Although most working Russians carry credit or debit cards, cash is still king as far as exchanging goods for money in Russia is concerned. There are a few reasons for this. While young Russians mostly feel comfortable using mobile banking services, far from most seniors are computer friendly, and they need to go to the bank to pay their bills. Plus, a number of large retailers, such as Auchan, accept only certain cards, making customers who don’t hold them pay cash.
The Russian company QIWI manages a huge network of payment machines installed at many shopping malls, train stations and entertainment venues. These machines accept payments for mobile phone and Internet accounts, utilities, money transfers and other purposes an average person may need without going to the bank and waiting in line. At first, these terminals all but squeezed out mobile phone top-up scratch cards, and soon became a universal tool for electronic money circulation. Around 80% of Russian mobile phone owners use payment machines. According to forecasts, payments through terminals should have reached around 750 billion roubles in 2010. QIWI, notably, controls up to 45% of this market.
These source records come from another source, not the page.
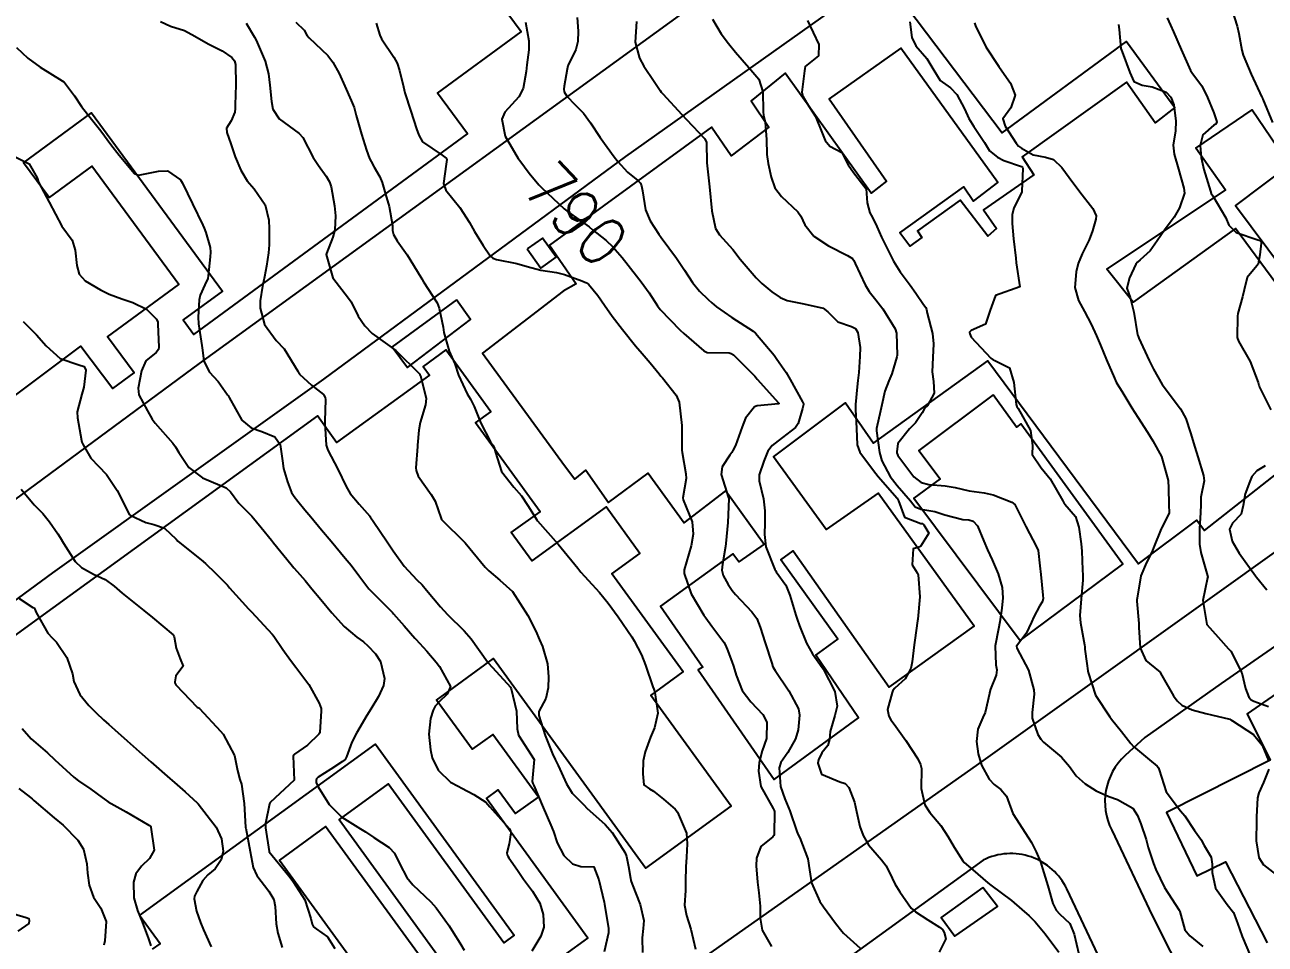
# Model space of a CAD drawing. Header units: metres. Extents: x 318500 to 325275, y 7408834 to 7428799.
# Drawn here: x 321521.6 to 321625.1, y 7423257.1 to 7423333.9 of the extents above; entities that cross this region are included whole.
import ezdxf
from ezdxf.enums import TextEntityAlignment as Align

# ---------------------------------------------------------------- set-up
doc = ezdxf.new("R2010")
doc.units = ezdxf.units.M
doc.header["$MEASUREMENT"] = 0
for name, color, linetype in [('Cotas', 45, 'Continuous'), ('Curvas de Nivel 1m', 11, 'Continuous'), ('Curvas de Nivel 5m', 15, 'Continuous'), ('Edificações', 30, 'Continuous'), ('Vias Primárias', 230, 'Continuous')]:
    doc.layers.add(name, color=color, linetype=linetype)
doc.styles.add('Style-STANDARD', font='STANDARD.shx')

msp = doc.modelspace()

# ---------------------------------------------------------------- linework, layer by layer
at = {"layer": 'Curvas de Nivel 1m', "flags": 128}
for points, elevation in [([(321532.9, 7423334.2), (321533.72, 7423333.82), (321534.89, 7423333.45), (321535.75, 7423332.97), (321536.88, 7423332.35), (321538.05, 7423331.76), (321538.86, 7423331.2), (321539.08, 7423330.93), (321539.15, 7423330.63), (321539.19, 7423328.92), (321539.14, 7423327.25), (321539.12, 7423326.93), (321539.09, 7423326.64), (321538.79, 7423325.92), (321538.41, 7423325.31), (321538.44, 7423324.94), (321538.77, 7423324), (321539.14, 7423322.92), (321539.6, 7423321.78), (321540.14, 7423320.91), (321540.72, 7423320.23), (321541.64, 7423318.89), (321541.95, 7423317.62), (321541.98, 7423316.89), (321541.98, 7423315.57), (321541.92, 7423314.89), (321541.75, 7423313.77), (321541.57, 7423312.89), (321541.4, 7423312.1), (321541.22, 7423310.89), (321541.22, 7423310.26), (321541.58, 7423308.89), (321542.55, 7423307.56), (321543.23, 7423306.87), (321544.36, 7423305.01), (321544.43, 7423304.85), (321544.47, 7423304.81), (321544.51, 7423304.76), (321545.5, 7423303.84), (321546.49, 7423303.05), (321546.65, 7423302.82), (321546.66, 7423302.64), (321546.62, 7423300.82), (321546.61, 7423300.66), (321546.72, 7423298.82), (321546.85, 7423298.4), (321547.69, 7423296.81), (321548.39, 7423295.37), (321548.74, 7423294.79), (321549.48, 7423293.89), (321550.36, 7423292.89), (321550.41, 7423292.82), (321550.45, 7423292.77), (321550.64, 7423292.48), (321551.82, 7423290.75), (321552.32, 7423290), (321553.24, 7423288.73), (321554.29, 7423287.59), (321554.73, 7423287.15), (321555.11, 7423286.71), (321556.26, 7423285.31), (321556.84, 7423284.68), (321558.23, 7423283.31), (321558.82, 7423282.65), (321560.2, 7423280.73), (321560.23, 7423280.67), (321560.26, 7423280.64), (321560.91, 7423279.91), (321562.1, 7423278.61), (321562.17, 7423278.47), (321562.62, 7423276.6), (321562.66, 7423275.14), (321562.78, 7423274.6), (321564.09, 7423272.58), (321563.92, 7423270.73), (321563.97, 7423270.58), (321564, 7423270.52), (321564.06, 7423270.39), (321564.84, 7423268.57), (321565.49, 7423267.1), (321565.69, 7423266.56), (321566, 7423265.61), (321566.57, 7423264.55), (321567.29, 7423263.86), (321567.97, 7423263.65), (321569.07, 7423263.61), (321569.48, 7423262.51), (321569.93, 7423260.67), (321569.96, 7423260.5), (321569.97, 7423260.46), (321570.29, 7423258.5), (321570.29, 7423258.1), (321569.94, 7423256.5)], 794), ([(321567.69, 7423334.55), (321567.75, 7423333.4), (321567.74, 7423332.55), (321567.56, 7423331.87), (321566.93, 7423330.56), (321566.91, 7423330.51), (321566.85, 7423330.22), (321566.6, 7423328.8), (321566.57, 7423328.56), (321566.6, 7423328.33), (321566.82, 7423327.98), (321567.52, 7423327.25), (321568.21, 7423326.54), (321568.8, 7423325.75), (321569.6, 7423324.52), (321570.76, 7423322.91), (321571.07, 7423322.51), (321571.88, 7423321.63), (321572.73, 7423320.94), (321572.96, 7423320.7), (321573.05, 7423320.48), (321573.12, 7423320.08), (321573.37, 7423318.47), (321573.78, 7423317.56), (321574.48, 7423316.45), (321574.68, 7423316.17), (321575.97, 7423314.44), (321576.64, 7423313.44), (321577.3, 7423312.42), (321577.89, 7423311.69), (321578.61, 7423311), (321578.92, 7423310.71), (321579.31, 7423310.39), (321580.59, 7423309.49), (321582.36, 7423308.35), (321582.57, 7423308.17), (321584.12, 7423306.33), (321584.3, 7423306.08), (321584.53, 7423305.74), (321585.11, 7423304.89), (321585.47, 7423304.31), (321586.49, 7423302.45), (321586.56, 7423302.29), (321586.57, 7423302.21), (321586.48, 7423301.88), (321586.13, 7423300.63), (321585.89, 7423300.3), (321584.45, 7423299.18), (321583.96, 7423298.81), (321583.6, 7423298.33), (321583.26, 7423297.5), (321582.87, 7423296.34), (321582.88, 7423295.86), (321583.24, 7423294.33), (321583.35, 7423293.35), (321583.33, 7423292.33), (321583.31, 7423291.36), (321583.43, 7423290.33), (321584.18, 7423288.44), (321584.25, 7423288.32), (321584.3, 7423288.25), (321585.1, 7423287.12), (321585.42, 7423286.3), (321585.93, 7423284.62), (321586.04, 7423284.29), (321586.24, 7423283.73), (321586.83, 7423282.28), (321587.32, 7423281.39), (321588.12, 7423280.26), (321588.2, 7423280.14), (321589.18, 7423278.25), (321589.37, 7423277.03), (321589.19, 7423276.25), (321588.8, 7423274.92), (321588.73, 7423274.25), (321588.61, 7423273.75), (321588.1, 7423273.14), (321587.81, 7423272.55), (321587.76, 7423272.26), (321588.08, 7423271.34), (321589.59, 7423270.72), (321590.06, 7423270.56), (321590.34, 7423270.24), (321590.82, 7423269), (321591, 7423268.23), (321591.27, 7423266.97), (321591.55, 7423266.22), (321592, 7423265.45), (321593.09, 7423264.19), (321593.46, 7423263.68), (321593.96, 7423262.67), (321594.2, 7423262.18), (321594.6, 7423261.52), (321595.57, 7423260.16), (321595.93, 7423259.85), (321596.96, 7423259.18), (321597.91, 7423258.57), (321598.16, 7423258.37), (321598.31, 7423258.12), (321598.44, 7423257.59), (321597.89, 7423256.48)], 789), ([(321572.62, 7423334.2), (321572.53, 7423332.49), (321572.87, 7423331.15), (321573.25, 7423330.47), (321574.11, 7423329.19), (321574.6, 7423328.45), (321574.7, 7423328.32), (321574.83, 7423328.18), (321576.41, 7423326.43), (321576.8, 7423326.02), (321578.32, 7423324.41), (321578.46, 7423324.09), (321578.5, 7423322.4), (321578.52, 7423322.16), (321578.73, 7423320.4), (321578.91, 7423318.4), (321579.23, 7423316.93), (321579.56, 7423316.39), (321580.66, 7423315.17), (321581.27, 7423314.36), (321582.63, 7423312.79), (321583.09, 7423312.34), (321583.93, 7423311.64), (321584.61, 7423311.16), (321585.21, 7423310.91), (321586.6, 7423310.62), (321588.2, 7423310.27), (321588.6, 7423309.96), (321589.44, 7423309.12), (321590.58, 7423308.75), (321590.9, 7423308.56), (321591.1, 7423308.23), (321591.3, 7423306.97), (321591.28, 7423306.23), (321591.18, 7423304.89), (321591.1, 7423304.23), (321591.04, 7423303.71), (321590.92, 7423302.23), (321590.92, 7423301.8), (321590.99, 7423300.23), (321591.06, 7423298.84), (321591.27, 7423298.23), (321592.42, 7423296.71), (321592.81, 7423296.21), (321594.38, 7423294.4), (321594.49, 7423294.19), (321594.99, 7423292.81), (321596.36, 7423292.29), (321596.47, 7423292.27), (321596.62, 7423292.16), (321597.02, 7423291.48), (321596.33, 7423290.35), (321596.19, 7423290.3), (321595.71, 7423290.17), (321595.64, 7423288.84), (321596.07, 7423288.16), (321596.13, 7423287.99), (321596.28, 7423286.16), (321596.11, 7423284.3), (321596.09, 7423284.16), (321595.85, 7423282.54), (321595.8, 7423282.16), (321595.64, 7423280.73), (321595.52, 7423280.17), (321595.05, 7423279.31), (321594.18, 7423278.53), (321594.03, 7423278.33), (321593.96, 7423278.18), (321593.59, 7423276.75), (321593.69, 7423276.19), (321593.85, 7423275.89), (321594.13, 7423275.52), (321595.1, 7423274.17), (321596.1, 7423272.62), (321596.34, 7423272.16), (321596.41, 7423271.83), (321596.38, 7423270.16), (321596.69, 7423268.8), (321597.12, 7423268.14), (321598.02, 7423267.06), (321598.64, 7423266.12), (321599.14, 7423265.25), (321599.87, 7423264.1), (321599.99, 7423263.97), (321600.71, 7423263.36), (321601.96, 7423262.27), (321602.2, 7423262.08), (321603.94, 7423260.79), (321604.8, 7423260.04), (321605.4, 7423259.51), (321605.92, 7423259.03), (321606.75, 7423258.01), (321607.89, 7423256.49)], 788), ([(321578.96, 7423334.4), (321579.69, 7423333.18), (321580.31, 7423332.38), (321580.88, 7423331.64), (321582.01, 7423330.36), (321582.85, 7423329.4), (321583.17, 7423328.34), (321583.2, 7423326.73), (321583.23, 7423326.34), (321583.36, 7423325.79), (321583.48, 7423324.34), (321583.52, 7423323.09), (321583.61, 7423322.34), (321583.86, 7423321.21), (321584.17, 7423320.33), (321584.72, 7423319.6), (321586.1, 7423318.3), (321586.35, 7423317.95), (321586.69, 7423317.22), (321587.42, 7423316.28), (321588.67, 7423315.46), (321590.24, 7423314.67), (321590.65, 7423314.41), (321590.77, 7423314.24), (321590.89, 7423313.99), (321591.71, 7423312.22), (321592.05, 7423311.65), (321592.61, 7423310.95), (321593.18, 7423310.2), (321594.22, 7423308.55), (321594.33, 7423308.19), (321594.39, 7423306.35), (321594.37, 7423306.19), (321593.94, 7423304.78), (321593.69, 7423304.2), (321593.37, 7423303.34), (321593.12, 7423302.2), (321593, 7423301.69), (321592.66, 7423300.21), (321592.65, 7423300.01), (321592.9, 7423298.21), (321593.11, 7423297.53), (321593.81, 7423296.2), (321594.4, 7423295.47), (321595.51, 7423294.17), (321595.89, 7423293.68), (321596.37, 7423293.49), (321597.52, 7423293.29), (321598.37, 7423293), (321599.86, 7423292.62), (321600.36, 7423292.58), (321600.74, 7423292.48), (321601.08, 7423292.1), (321601.62, 7423290.81), (321601.93, 7423290.09), (321602.32, 7423289.25), (321602.83, 7423288.07), (321603.16, 7423286.94), (321603.22, 7423286.07), (321603.12, 7423285.22), (321602.96, 7423284.07), (321602.84, 7423283.48), (321602.57, 7423282.07), (321602.62, 7423280.49), (321602.72, 7423280.07), (321602.64, 7423279.63), (321602.18, 7423278.44), (321602.1, 7423278.15), (321602.09, 7423278.08), (321601.72, 7423276.51), (321601.55, 7423276.09), (321601.12, 7423275.1), (321601.02, 7423274.09), (321601.15, 7423273.05), (321601.43, 7423272.09), (321602.07, 7423270.93), (321602.48, 7423270.48), (321603.03, 7423270.07), (321603.52, 7423269.52), (321604.04, 7423268.05), (321605.35, 7423266.03), (321605.61, 7423265.63), (321606, 7423264.87), (321606.34, 7423264.02), (321606.52, 7423263.47), (321606.96, 7423262.01), (321607.39, 7423260.56), (321607.67, 7423260), (321607.93, 7423259.69), (321608.81, 7423258.88), (321609.17, 7423257.98), (321609.55, 7423256.31)], 787), ([(321586.91, 7423334.29), (321587.84, 7423332.28), (321587.81, 7423331.34), (321586.86, 7423330.57), (321586.72, 7423330.44), (321586.69, 7423330.29), (321586.66, 7423330.09), (321586.42, 7423328.3), (321586.51, 7423327.97), (321586.83, 7423327.45), (321587.56, 7423326.28), (321588.11, 7423324.96), (321588.39, 7423324.27), (321588.78, 7423323.81), (321589.77, 7423323.26), (321590.3, 7423322.25), (321590.75, 7423321.6), (321591.8, 7423320.22), (321591.87, 7423319.06), (321592.11, 7423318.22), (321592.32, 7423317.84), (321592.69, 7423317.1), (321593.09, 7423316.21), (321593.46, 7423315.41), (321594.08, 7423314.2), (321594.64, 7423313.29), (321595.47, 7423312.18), (321595.96, 7423311.51), (321596.6, 7423310.57), (321596.77, 7423310.33), (321596.83, 7423310.16), (321596.9, 7423309.85), (321597.33, 7423308.15), (321597.41, 7423307.29), (321597.37, 7423306.15), (321597.32, 7423304.94), (321597.41, 7423304.15), (321597.48, 7423303.17), (321596.91, 7423302.15), (321596.7, 7423301.95), (321596.48, 7423301.53), (321595.93, 7423300.7), (321595.41, 7423300.18), (321594.45, 7423298.96), (321594.35, 7423298.28), (321594.36, 7423298.19), (321594.44, 7423297.95), (321595.78, 7423296.17), (321596.4, 7423295.71), (321597.02, 7423295.53), (321598.4, 7423295.43), (321599.23, 7423295.29), (321600.39, 7423295.02), (321601.64, 7423294.84), (321602.39, 7423294.69), (321603.97, 7423294.06), (321604.2, 7423293.88), (321604.37, 7423293.55), (321605.13, 7423292.04), (321606.03, 7423290.34), (321606.15, 7423290.03), (321606.31, 7423288.76), (321606.38, 7423288.03), (321606.55, 7423286.29), (321606.57, 7423286.03), (321606.52, 7423285.78), (321606.27, 7423285.37), (321605.79, 7423284.5), (321605.61, 7423284.04), (321605.17, 7423283.11), (321604.35, 7423282.05), (321604.39, 7423281.88), (321605.34, 7423280.04), (321605.81, 7423278.4), (321605.82, 7423278.03), (321605.67, 7423276.51), (321605.67, 7423276.03), (321606.13, 7423274.66), (321606.37, 7423274.27), (321606.61, 7423274.02), (321608.1, 7423272.76), (321608.76, 7423271.99), (321609.32, 7423271.22), (321610.08, 7423270.53), (321611.01, 7423269.96), (321612.06, 7423269.47), (321612.78, 7423269.22), (321614.05, 7423268.52), (321614.44, 7423267.91), (321614.74, 7423267.2), (321615.16, 7423265.9), (321615.33, 7423265.23), (321615.79, 7423263.89), (321615.98, 7423263.4), (321616.71, 7423261.88), (321617.93, 7423259.99), (321617.98, 7423259.87), (321618.41, 7423258.36), (321618.82, 7423257.86), (321619.9, 7423256.97)], 786), ([(321616.93, 7423334.51), (321617.21, 7423333.89), (321617.45, 7423333.35), (321618.09, 7423331.88), (321618.86, 7423330.11), (321619.03, 7423329.87), (321619.82, 7423328.83), (321620.3, 7423327.85), (321620.82, 7423326.57), (321621.08, 7423325.84), (321621, 7423325.64), (321620.81, 7423325.54), (321619.9, 7423324.74), (321619.67, 7423323.86), (321619.76, 7423322.84), (321620, 7423321.85), (321620.53, 7423320.04), (321620.61, 7423319.84), (321620.73, 7423319.65), (321621.83, 7423317.82), (321622.08, 7423317.21), (321622.69, 7423316.6), (321624.5, 7423315.98), (321624.68, 7423315.92), (321624.75, 7423315.86), (321624.77, 7423315.79), (321624.77, 7423315.69), (321624.66, 7423314.71), (321624.51, 7423313.93), (321624.4, 7423313.79), (321623.6, 7423312.84), (321623.35, 7423311.8), (321623.21, 7423311.21), (321622.83, 7423309.81), (321622.8, 7423309.6), (321622.76, 7423307.81), (321622.87, 7423307.5), (321623.85, 7423305.8), (321624.52, 7423304.06), (321624.58, 7423303.85), (321624.6, 7423303.79), (321624.64, 7423303.67), (321625.58, 7423301.77)], 782), ([(321622.33, 7423335.22), (321622.78, 7423333.81), (321622.91, 7423333.22), (321623.17, 7423331.81), (321623.28, 7423331.41), (321623.93, 7423329.8), (321624.84, 7423327.88), (321624.87, 7423327.82), (321624.88, 7423327.79), (321624.91, 7423327.72), (321625.71, 7423325.78)], 781), ([(321540.06, 7423334.07), (321540.75, 7423332.9), (321540.89, 7423332.64), (321541.64, 7423330.89), (321541.9, 7423329.84), (321542.02, 7423328.89), (321542.16, 7423327.54), (321542.27, 7423326.89), (321542.8, 7423326.08), (321544.47, 7423324.85), (321544.77, 7423324.51), (321545.64, 7423322.84), (321546.09, 7423322.17), (321546.73, 7423321.29), (321547, 7423320.82), (321547.14, 7423320.4), (321547.43, 7423318.81), (321547.5, 7423317.99), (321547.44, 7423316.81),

Japan’s Mitsui & Co. recently bought 14.9% of QIWI stock for an undisclosed amount. Analysts’ guesswork ranges anywhere between $4m and $80m for the stake. QIWI management has retained a controlling interest with 63.7% of equity, with another 21.4% held by Mail.ru Group.
“In contemplating the transaction, we presumed that Mitsui’s assistance with our international expansion will open the broadest development prospects for us,” said QIWI Group President Andrei Romanenko. The company had long searched for a strategic investor that would help it tap into international markets. Vladimir Karpenko, a consultant with J’son & Partners Consulting, an international advisory firm specialising in telecom, media, and IT markets in Russia, the CIS, Central and Eastern Europe, believes that the Japanese will help QIWI install equipment for their terminals, conduct comprehensive research in individual markets, and negotiate with mobile phone operators. Apart from technical support, the deal with Mitsui will enable QIWI to use local and global brands for operations in various Asian countries.
The Russian company is targeting primarily South-East Asia for expansion, and is particular intrigued by China and South Korea. The region is ripe for the payment machine business: Cash is popular, and competition is all but non-existent, with scratch cards still the main tool for topping off mobile phone accounts. Furthermore, the region’s mobile operators are more than generous with their agents.
That said, QIWI’s actions are perceived as going beyond the mere desire for business expansion. According to Alexander Shirokovskikh-Smirnov, Chairman of the National Association of Electronic Payments Market Participants, the company chose to sell stock now because Russia is close to adopting a National Payment System framework, which could impose excessive market regulation and make the business unprofitable. “That’s why QIWI wants to pre-empt this and shift operations elsewhere,” said Shirokovskikh-Smirnov.